Chapek, at a hastily arranged conference call this afternoon where both Bobs took to the phones, called the park closures “a bump in the road that we will come through like we’ve come through every other challenge we’ve had.” The long-term health of the business is about consumer “affinity with the [Disney] brand and storytelling,” he said.
The incoming and outgoing CEOs explained and reassured. Iger said he felt the 21st Century Fox deal and launch of Disney+ cemented the company’s position strategically and operationally, and that ensuring continuity on the content side — which will be his focus as executive chairman until the end of 2021 — is the really crucial enterprise before he hands over the reins for good.
“Storytelling is at the heart of what we do,” Iger said on the call. “Getting everything right creatively would be my No. 1 goal when I leave at the end of 2021. I couldn’t do that if I was still running the company day to day.” He said he’ll been working across U.S. and international assets, from the film studio to ESPN to media networks to Disney+. The idea is to make the creative pipelines “rich and secure.” It’s not clear exactly what this means but it sounds like a good idea.
Chapek will be reporting to him for the next 18 months, with everyone else reporting to Chapek.
Chapek has been at Disney for 27 years. He’s run home video and studio distribution and knows consumer products, which now falls under the Parks business. Iger called him “smart, thoughtful” and a innovative risk-taker with lots of integrity. He said they have worked closely and well together.
Chapek said he grew up in Hammond, IN, “the son of a World War II vet and a working mother” and the family visited Disneyland every year, which is where he fell in love with the brand. “That little boy would never have imaged that he would become the seventh CEO in the company’s nearly 100-year history.”
Trying to assuage analyst jitters, Chapek, who began working at Disney in 1993, insisted that DTC is an area he understands.
“I feel that I know the company extremely well and even before I joined the company I started in advertising, then consumer packaged goods, then media packaged goods, so everything has been a consumer-oriented business,” he said. “That is where I played. So I will be able to take that background and experience and employ it in a direct-to-consumer business. It feels directly in my wheelhouse.”
The two Bobs hinted that there would not be much if any corporate upheaval with the shift. “We just had a fairly major reorganization when we completed the Fox acquisition and went into the DTC business, so a lot of that heavy lifting has already been done,” said Chapek.

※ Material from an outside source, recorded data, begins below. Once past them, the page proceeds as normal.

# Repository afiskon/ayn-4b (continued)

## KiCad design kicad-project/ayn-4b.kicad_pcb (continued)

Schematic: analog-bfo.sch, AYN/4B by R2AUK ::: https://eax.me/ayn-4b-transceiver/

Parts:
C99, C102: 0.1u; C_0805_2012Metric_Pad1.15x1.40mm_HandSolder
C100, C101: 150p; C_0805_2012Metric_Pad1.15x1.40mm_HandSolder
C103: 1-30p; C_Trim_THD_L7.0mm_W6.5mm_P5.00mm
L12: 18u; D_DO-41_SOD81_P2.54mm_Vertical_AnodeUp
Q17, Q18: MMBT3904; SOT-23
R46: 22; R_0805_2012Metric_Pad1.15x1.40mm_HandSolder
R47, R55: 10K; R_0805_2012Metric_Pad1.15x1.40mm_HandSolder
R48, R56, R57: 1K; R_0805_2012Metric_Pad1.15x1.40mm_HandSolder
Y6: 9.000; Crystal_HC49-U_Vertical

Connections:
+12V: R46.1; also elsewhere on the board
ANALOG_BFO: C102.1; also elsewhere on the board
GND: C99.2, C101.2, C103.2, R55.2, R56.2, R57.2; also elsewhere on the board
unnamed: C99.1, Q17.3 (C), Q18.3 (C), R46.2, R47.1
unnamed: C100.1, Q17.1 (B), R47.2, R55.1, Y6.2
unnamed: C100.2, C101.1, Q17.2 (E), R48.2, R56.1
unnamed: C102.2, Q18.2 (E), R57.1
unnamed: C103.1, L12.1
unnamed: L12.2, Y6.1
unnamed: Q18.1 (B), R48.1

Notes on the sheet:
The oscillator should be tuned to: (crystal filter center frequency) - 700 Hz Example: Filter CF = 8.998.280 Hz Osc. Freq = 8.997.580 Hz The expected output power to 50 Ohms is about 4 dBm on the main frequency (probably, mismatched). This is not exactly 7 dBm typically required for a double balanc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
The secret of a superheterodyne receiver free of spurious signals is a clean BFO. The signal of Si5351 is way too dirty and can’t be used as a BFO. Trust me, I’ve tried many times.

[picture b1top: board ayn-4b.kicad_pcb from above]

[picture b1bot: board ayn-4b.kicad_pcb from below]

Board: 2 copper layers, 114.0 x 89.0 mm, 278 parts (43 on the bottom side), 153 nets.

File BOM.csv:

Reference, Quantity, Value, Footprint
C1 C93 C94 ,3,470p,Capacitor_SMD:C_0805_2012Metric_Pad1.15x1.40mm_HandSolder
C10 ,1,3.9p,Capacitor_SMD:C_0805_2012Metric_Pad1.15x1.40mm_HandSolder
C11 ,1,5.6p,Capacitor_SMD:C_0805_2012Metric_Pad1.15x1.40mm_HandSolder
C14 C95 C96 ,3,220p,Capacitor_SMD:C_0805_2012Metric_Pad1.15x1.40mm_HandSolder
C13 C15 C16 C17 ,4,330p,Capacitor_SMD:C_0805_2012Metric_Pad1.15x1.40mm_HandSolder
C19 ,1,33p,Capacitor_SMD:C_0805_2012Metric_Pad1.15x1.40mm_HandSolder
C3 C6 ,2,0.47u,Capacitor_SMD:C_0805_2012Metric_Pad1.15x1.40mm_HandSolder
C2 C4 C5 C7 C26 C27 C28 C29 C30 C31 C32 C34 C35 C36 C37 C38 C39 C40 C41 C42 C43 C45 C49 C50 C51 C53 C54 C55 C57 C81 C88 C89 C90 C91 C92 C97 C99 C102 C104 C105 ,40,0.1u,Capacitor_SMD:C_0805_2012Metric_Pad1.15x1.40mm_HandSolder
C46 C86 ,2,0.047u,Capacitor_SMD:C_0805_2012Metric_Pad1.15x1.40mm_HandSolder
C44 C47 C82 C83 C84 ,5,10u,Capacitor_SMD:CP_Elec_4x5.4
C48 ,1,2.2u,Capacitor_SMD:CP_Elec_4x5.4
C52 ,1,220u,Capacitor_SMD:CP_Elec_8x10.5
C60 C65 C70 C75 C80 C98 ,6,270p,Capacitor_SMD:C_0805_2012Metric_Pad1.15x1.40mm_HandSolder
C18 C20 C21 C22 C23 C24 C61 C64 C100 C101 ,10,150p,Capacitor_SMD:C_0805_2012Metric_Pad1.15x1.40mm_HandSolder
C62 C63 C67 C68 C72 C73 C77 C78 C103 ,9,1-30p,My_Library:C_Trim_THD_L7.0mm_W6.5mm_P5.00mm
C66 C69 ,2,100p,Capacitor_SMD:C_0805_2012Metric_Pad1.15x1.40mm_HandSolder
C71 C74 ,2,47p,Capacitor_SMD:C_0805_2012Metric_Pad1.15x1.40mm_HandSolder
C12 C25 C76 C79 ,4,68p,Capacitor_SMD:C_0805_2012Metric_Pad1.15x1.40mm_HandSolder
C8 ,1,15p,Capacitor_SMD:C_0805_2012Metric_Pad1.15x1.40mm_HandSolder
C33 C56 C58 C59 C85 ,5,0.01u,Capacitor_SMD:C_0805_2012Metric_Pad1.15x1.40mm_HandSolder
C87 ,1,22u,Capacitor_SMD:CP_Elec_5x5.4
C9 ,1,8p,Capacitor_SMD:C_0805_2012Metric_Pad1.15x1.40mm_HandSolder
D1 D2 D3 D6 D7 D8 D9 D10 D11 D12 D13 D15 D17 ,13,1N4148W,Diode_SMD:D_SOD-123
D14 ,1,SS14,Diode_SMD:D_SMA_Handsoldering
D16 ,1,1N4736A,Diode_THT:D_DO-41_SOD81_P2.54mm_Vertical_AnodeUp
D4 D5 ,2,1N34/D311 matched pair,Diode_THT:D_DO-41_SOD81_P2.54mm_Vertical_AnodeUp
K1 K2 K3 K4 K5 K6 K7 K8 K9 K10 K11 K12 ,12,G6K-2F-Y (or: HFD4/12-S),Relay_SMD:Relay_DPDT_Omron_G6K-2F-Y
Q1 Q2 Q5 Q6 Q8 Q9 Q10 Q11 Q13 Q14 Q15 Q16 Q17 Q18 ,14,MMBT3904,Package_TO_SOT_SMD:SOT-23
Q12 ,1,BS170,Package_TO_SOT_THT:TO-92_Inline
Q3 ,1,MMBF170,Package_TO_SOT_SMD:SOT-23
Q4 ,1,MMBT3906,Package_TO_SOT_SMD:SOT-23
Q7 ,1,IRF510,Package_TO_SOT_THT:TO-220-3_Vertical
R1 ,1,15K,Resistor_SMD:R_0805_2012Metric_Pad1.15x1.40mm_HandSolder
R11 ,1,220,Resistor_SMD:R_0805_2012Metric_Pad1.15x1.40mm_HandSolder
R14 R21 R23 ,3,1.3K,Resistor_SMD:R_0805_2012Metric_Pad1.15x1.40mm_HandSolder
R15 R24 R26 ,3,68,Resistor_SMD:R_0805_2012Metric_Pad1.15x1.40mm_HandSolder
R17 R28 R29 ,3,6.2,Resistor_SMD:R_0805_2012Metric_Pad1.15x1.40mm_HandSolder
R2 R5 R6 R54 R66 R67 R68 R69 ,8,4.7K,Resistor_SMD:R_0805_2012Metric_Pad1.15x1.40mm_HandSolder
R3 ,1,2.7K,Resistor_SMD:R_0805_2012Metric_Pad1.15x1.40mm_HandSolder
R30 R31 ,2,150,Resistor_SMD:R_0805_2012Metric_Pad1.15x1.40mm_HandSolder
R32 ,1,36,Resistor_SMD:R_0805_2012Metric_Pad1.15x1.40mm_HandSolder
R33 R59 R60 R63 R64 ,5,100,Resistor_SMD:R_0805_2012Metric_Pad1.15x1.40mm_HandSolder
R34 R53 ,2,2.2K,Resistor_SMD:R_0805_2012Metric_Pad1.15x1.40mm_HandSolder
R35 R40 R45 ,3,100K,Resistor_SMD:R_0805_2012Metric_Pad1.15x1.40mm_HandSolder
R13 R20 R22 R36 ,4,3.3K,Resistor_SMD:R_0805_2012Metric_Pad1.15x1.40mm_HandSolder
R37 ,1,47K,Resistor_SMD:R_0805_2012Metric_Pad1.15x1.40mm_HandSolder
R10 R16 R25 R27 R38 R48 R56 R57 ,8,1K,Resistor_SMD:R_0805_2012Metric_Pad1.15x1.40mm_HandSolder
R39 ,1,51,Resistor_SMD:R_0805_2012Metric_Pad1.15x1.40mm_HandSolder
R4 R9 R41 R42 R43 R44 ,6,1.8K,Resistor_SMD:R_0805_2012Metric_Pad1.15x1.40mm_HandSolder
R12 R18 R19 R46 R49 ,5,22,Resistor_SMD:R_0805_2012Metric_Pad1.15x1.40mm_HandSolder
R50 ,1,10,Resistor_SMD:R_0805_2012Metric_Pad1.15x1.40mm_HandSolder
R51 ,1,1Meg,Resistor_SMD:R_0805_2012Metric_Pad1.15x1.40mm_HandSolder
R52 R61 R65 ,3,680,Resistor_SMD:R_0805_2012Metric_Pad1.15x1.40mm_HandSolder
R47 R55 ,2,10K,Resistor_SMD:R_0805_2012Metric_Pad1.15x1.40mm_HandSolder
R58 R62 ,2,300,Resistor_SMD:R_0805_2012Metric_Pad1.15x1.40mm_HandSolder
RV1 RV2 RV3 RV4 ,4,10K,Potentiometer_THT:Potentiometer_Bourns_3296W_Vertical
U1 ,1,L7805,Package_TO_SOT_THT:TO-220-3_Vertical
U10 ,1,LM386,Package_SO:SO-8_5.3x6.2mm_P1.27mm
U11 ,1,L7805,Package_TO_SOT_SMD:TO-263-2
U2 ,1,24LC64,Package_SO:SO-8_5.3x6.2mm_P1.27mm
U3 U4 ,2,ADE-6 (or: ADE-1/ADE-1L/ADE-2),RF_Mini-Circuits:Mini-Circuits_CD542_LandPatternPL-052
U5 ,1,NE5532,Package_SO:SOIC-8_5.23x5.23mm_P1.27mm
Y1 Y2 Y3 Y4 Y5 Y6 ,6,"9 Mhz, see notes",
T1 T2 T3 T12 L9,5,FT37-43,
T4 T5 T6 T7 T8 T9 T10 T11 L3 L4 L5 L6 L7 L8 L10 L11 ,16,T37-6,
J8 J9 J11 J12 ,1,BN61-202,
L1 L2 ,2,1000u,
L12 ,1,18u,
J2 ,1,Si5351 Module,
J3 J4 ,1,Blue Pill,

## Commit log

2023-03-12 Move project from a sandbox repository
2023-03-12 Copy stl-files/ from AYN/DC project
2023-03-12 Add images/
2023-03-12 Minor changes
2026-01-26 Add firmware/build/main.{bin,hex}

Iger said today that he and board have been talking succession for several year and Chapek’s name was raised “a while ago,” although the board “did its duty” and also looked at other candidates. “We all felt fortunate to have a candidate like Bob,” Iger said.
Wall Streeters recalled that hell that broke loose 15 years ago when former CEO Michael Eisner and the Disney board named Iger to the top job — with what Wall Street considered little vetting of other higher-profile candidates. In other words, people thought Iger was an odd choice too. They hope lightening can strike twice.
Iger, who published a book The Ride of a Lifetime in September, has been rumored in the past to be interested in going into politics. We’ll see in 2022.